### WORK INSTRUCTIONS
Below are some records; quote exactly the lines from the one that contains "#88=EDGE_CURVE('E206',#79,#87,#85,.T.);" through the one that contains "#99=CARTESIAN_POINT('',(-76.2,4.7625,-63.5));", inclusive, and no others.

### DATA EXCERPTS
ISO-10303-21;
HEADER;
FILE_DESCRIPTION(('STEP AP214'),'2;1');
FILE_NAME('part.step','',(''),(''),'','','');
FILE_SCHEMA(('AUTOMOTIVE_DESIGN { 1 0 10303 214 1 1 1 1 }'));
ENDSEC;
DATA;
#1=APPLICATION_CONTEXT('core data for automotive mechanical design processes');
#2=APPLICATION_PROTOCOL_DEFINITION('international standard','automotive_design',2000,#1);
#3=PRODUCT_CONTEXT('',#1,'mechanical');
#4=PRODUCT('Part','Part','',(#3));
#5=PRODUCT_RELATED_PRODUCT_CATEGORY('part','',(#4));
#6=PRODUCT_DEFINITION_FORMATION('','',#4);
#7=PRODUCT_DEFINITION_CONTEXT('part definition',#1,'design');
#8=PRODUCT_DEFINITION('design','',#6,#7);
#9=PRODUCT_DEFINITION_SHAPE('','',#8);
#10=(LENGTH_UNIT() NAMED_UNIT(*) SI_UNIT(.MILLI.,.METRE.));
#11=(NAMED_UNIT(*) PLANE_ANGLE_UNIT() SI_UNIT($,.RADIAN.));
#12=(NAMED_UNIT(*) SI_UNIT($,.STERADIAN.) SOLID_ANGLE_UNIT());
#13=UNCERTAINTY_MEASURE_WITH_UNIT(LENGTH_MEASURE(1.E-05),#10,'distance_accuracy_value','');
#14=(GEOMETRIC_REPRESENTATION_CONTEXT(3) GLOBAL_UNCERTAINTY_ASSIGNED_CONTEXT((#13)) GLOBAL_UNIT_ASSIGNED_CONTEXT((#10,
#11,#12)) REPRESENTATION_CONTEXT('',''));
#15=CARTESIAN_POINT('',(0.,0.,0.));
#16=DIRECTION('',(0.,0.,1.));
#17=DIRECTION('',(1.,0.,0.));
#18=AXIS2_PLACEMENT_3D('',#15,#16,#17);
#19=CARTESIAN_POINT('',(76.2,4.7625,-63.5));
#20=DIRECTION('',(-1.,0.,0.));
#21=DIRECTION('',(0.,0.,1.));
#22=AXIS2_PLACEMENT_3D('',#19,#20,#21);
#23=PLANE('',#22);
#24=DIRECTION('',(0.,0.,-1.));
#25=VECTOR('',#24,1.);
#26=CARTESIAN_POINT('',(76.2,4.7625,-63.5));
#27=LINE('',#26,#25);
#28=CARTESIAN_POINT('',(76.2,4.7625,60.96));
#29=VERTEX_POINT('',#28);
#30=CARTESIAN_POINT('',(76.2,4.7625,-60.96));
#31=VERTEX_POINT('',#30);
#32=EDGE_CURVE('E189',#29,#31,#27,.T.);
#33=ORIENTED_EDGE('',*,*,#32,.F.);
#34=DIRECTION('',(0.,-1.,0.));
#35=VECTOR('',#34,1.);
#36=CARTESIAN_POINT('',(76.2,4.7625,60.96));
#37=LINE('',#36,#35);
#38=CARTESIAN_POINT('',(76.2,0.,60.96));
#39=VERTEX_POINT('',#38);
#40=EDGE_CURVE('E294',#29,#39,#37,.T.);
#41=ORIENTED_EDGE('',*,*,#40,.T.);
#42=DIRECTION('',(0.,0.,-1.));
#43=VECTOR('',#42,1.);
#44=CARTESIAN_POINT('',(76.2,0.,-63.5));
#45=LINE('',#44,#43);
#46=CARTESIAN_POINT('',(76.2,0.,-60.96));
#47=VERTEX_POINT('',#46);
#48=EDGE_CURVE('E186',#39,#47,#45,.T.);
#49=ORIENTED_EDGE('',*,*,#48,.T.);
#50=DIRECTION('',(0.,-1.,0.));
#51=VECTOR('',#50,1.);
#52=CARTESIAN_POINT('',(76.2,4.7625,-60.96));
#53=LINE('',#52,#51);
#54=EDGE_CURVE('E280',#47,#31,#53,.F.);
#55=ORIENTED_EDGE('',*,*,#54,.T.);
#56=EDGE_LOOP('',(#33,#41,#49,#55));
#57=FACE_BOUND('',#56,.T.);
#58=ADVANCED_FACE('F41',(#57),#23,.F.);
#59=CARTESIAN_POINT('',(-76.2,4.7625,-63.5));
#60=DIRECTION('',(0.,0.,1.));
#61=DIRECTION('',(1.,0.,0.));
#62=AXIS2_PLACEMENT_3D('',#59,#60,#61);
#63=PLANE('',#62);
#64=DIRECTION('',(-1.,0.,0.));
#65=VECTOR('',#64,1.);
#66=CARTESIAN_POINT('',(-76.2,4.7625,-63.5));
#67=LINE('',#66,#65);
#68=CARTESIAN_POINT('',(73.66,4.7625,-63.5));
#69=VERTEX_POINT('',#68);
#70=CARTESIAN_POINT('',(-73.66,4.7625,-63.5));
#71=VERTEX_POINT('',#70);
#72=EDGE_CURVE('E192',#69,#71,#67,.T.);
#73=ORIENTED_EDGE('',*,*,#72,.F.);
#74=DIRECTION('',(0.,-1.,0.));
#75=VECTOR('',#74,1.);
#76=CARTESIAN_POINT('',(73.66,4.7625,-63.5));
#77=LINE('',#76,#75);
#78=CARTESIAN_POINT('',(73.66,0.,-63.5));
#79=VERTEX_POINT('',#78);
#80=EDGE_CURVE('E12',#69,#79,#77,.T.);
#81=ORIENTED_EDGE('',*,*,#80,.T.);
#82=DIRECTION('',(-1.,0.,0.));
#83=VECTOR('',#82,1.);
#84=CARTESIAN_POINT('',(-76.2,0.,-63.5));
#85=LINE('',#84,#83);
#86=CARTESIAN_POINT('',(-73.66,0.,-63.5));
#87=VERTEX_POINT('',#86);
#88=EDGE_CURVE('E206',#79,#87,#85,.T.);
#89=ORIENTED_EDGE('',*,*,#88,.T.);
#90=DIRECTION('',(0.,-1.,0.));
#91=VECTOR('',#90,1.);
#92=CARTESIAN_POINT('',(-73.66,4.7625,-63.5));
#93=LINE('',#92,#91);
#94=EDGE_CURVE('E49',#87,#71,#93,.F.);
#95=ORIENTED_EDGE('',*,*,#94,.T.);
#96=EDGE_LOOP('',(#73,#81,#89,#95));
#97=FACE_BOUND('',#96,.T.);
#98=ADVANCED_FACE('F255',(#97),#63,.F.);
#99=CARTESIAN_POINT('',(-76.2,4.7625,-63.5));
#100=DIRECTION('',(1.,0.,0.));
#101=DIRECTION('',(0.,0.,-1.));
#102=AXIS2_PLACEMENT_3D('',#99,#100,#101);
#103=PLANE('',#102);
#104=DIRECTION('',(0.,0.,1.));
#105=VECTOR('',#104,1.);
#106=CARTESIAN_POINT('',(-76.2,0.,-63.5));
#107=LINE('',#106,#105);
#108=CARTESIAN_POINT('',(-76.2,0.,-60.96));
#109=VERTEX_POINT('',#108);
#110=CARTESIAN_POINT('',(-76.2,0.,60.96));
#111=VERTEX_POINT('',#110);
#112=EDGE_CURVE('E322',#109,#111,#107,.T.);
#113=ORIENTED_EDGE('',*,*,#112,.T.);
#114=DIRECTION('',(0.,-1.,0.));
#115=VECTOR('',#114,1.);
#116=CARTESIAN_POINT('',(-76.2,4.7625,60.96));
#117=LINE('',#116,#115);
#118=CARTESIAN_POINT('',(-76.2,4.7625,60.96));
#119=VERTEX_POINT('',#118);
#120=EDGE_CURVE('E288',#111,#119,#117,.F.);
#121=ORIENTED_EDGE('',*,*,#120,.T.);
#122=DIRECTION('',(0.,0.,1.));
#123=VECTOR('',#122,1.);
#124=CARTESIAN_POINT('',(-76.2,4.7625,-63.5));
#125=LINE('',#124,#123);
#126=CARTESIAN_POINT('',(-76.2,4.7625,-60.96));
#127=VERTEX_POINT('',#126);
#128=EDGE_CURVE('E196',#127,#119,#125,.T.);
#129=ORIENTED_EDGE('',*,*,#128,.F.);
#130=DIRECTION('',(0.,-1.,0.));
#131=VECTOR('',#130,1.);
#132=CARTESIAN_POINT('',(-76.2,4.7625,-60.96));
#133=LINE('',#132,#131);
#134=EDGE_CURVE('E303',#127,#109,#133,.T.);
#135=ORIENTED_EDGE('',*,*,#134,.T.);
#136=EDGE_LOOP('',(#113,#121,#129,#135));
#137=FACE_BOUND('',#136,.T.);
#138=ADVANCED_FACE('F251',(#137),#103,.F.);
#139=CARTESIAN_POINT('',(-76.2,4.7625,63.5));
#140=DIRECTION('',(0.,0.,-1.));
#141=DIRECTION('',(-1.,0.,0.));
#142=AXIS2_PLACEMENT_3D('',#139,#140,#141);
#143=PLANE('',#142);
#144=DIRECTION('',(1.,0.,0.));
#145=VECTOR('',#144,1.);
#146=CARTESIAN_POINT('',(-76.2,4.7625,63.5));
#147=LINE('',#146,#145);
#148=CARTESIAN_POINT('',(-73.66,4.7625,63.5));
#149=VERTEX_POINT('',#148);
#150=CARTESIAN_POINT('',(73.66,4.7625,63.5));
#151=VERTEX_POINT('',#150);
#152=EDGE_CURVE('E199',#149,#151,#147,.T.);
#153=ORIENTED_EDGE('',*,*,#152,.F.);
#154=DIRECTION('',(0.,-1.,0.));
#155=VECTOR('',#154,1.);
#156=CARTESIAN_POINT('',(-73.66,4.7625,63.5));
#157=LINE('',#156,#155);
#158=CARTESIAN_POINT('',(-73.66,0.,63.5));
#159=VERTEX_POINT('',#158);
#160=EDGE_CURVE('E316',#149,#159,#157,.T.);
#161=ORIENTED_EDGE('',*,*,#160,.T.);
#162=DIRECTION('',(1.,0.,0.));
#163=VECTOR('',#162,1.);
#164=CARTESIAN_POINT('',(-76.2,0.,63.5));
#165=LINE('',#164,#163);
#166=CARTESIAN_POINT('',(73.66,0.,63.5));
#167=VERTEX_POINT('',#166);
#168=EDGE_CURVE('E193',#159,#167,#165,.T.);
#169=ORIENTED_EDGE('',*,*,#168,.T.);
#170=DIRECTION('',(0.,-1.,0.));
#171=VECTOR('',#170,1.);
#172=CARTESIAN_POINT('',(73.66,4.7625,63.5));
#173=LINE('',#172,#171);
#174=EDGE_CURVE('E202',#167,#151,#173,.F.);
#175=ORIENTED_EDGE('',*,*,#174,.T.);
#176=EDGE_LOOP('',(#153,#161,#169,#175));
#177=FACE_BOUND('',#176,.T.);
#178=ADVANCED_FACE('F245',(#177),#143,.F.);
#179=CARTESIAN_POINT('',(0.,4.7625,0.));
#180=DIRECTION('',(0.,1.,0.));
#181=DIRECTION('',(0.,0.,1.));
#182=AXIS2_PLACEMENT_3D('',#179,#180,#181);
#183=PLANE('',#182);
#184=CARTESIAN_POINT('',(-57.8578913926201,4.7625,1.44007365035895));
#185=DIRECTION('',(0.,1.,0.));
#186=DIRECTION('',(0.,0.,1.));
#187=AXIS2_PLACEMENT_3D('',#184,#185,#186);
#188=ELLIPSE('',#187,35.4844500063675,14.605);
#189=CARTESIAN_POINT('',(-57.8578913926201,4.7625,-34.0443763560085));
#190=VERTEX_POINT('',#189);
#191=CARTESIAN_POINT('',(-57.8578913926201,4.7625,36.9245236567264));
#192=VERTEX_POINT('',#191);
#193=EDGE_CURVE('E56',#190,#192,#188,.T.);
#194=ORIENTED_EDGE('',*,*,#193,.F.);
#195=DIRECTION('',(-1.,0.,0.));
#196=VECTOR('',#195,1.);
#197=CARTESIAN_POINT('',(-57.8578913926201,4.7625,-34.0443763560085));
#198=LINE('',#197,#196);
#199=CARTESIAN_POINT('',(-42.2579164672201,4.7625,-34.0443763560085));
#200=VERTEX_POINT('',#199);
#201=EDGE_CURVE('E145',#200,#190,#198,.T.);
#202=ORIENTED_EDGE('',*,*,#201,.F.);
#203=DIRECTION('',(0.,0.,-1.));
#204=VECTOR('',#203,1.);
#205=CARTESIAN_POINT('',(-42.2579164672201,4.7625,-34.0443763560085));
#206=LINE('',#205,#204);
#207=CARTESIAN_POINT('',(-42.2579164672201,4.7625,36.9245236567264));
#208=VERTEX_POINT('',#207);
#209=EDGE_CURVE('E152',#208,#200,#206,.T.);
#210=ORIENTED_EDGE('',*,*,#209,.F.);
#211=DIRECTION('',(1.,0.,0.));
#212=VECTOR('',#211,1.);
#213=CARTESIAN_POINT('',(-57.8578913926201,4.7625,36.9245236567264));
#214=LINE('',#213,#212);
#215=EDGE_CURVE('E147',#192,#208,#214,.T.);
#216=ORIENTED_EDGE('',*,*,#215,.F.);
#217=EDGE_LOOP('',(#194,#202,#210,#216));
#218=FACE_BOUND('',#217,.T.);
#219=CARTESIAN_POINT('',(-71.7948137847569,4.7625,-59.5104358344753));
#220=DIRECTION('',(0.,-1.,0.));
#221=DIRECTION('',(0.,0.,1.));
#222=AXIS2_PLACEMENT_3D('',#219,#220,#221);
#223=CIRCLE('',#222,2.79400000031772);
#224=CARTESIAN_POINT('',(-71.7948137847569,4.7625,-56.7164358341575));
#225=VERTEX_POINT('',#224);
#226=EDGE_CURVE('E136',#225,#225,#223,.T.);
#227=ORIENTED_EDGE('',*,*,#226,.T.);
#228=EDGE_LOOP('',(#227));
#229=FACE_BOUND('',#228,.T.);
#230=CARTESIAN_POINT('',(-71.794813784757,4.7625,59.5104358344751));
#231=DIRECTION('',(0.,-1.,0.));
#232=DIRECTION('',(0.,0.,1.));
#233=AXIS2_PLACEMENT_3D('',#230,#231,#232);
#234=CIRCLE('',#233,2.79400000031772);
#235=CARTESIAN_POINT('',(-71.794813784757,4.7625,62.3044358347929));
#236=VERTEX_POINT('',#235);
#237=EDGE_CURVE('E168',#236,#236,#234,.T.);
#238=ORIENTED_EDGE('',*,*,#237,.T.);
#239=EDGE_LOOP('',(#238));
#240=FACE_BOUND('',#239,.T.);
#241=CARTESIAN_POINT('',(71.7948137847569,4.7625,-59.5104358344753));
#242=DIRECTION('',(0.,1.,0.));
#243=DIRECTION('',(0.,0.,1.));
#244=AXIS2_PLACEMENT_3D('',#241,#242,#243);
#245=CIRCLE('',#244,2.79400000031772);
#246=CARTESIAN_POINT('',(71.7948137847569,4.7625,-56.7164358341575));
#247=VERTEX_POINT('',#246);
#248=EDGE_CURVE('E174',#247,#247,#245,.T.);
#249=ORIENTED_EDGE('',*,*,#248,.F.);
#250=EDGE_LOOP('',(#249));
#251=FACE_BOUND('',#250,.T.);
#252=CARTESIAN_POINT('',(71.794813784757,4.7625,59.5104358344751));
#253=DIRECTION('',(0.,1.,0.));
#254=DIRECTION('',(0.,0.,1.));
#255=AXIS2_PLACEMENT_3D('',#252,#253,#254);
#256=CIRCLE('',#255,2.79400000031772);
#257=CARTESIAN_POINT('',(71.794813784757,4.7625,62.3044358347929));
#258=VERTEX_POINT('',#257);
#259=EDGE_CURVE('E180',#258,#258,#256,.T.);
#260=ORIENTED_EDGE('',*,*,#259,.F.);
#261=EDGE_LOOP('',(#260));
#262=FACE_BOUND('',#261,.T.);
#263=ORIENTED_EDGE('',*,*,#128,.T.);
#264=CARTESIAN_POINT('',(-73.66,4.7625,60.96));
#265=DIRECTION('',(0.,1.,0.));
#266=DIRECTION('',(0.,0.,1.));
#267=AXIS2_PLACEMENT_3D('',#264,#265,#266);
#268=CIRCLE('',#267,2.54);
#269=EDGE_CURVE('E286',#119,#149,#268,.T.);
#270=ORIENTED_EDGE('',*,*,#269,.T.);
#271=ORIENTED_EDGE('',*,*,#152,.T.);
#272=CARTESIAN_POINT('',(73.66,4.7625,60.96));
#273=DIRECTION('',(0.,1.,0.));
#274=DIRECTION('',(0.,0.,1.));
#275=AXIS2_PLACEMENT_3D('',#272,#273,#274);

### COMPLETED EXERCISE
#88=EDGE_CURVE('E206',#79,#87,#85,.T.);
#89=ORIENTED_EDGE('',*,*,#88,.T.);
#90=DIRECTION('',(0.,-1.,0.));
#91=VECTOR('',#90,1.);
#92=CARTESIAN_POINT('',(-73.66,4.7625,-63.5));
#93=LINE('',#92,#91);
#94=EDGE_CURVE('E49',#87,#71,#93,.F.);
#95=ORIENTED_EDGE('',*,*,#94,.T.);
#96=EDGE_LOOP('',(#73,#81,#89,#95));
#97=FACE_BOUND('',#96,.T.);
#98=ADVANCED_FACE('F255',(#97),#63,.F.);
#99=CARTESIAN_POINT('',(-76.2,4.7625,-63.5));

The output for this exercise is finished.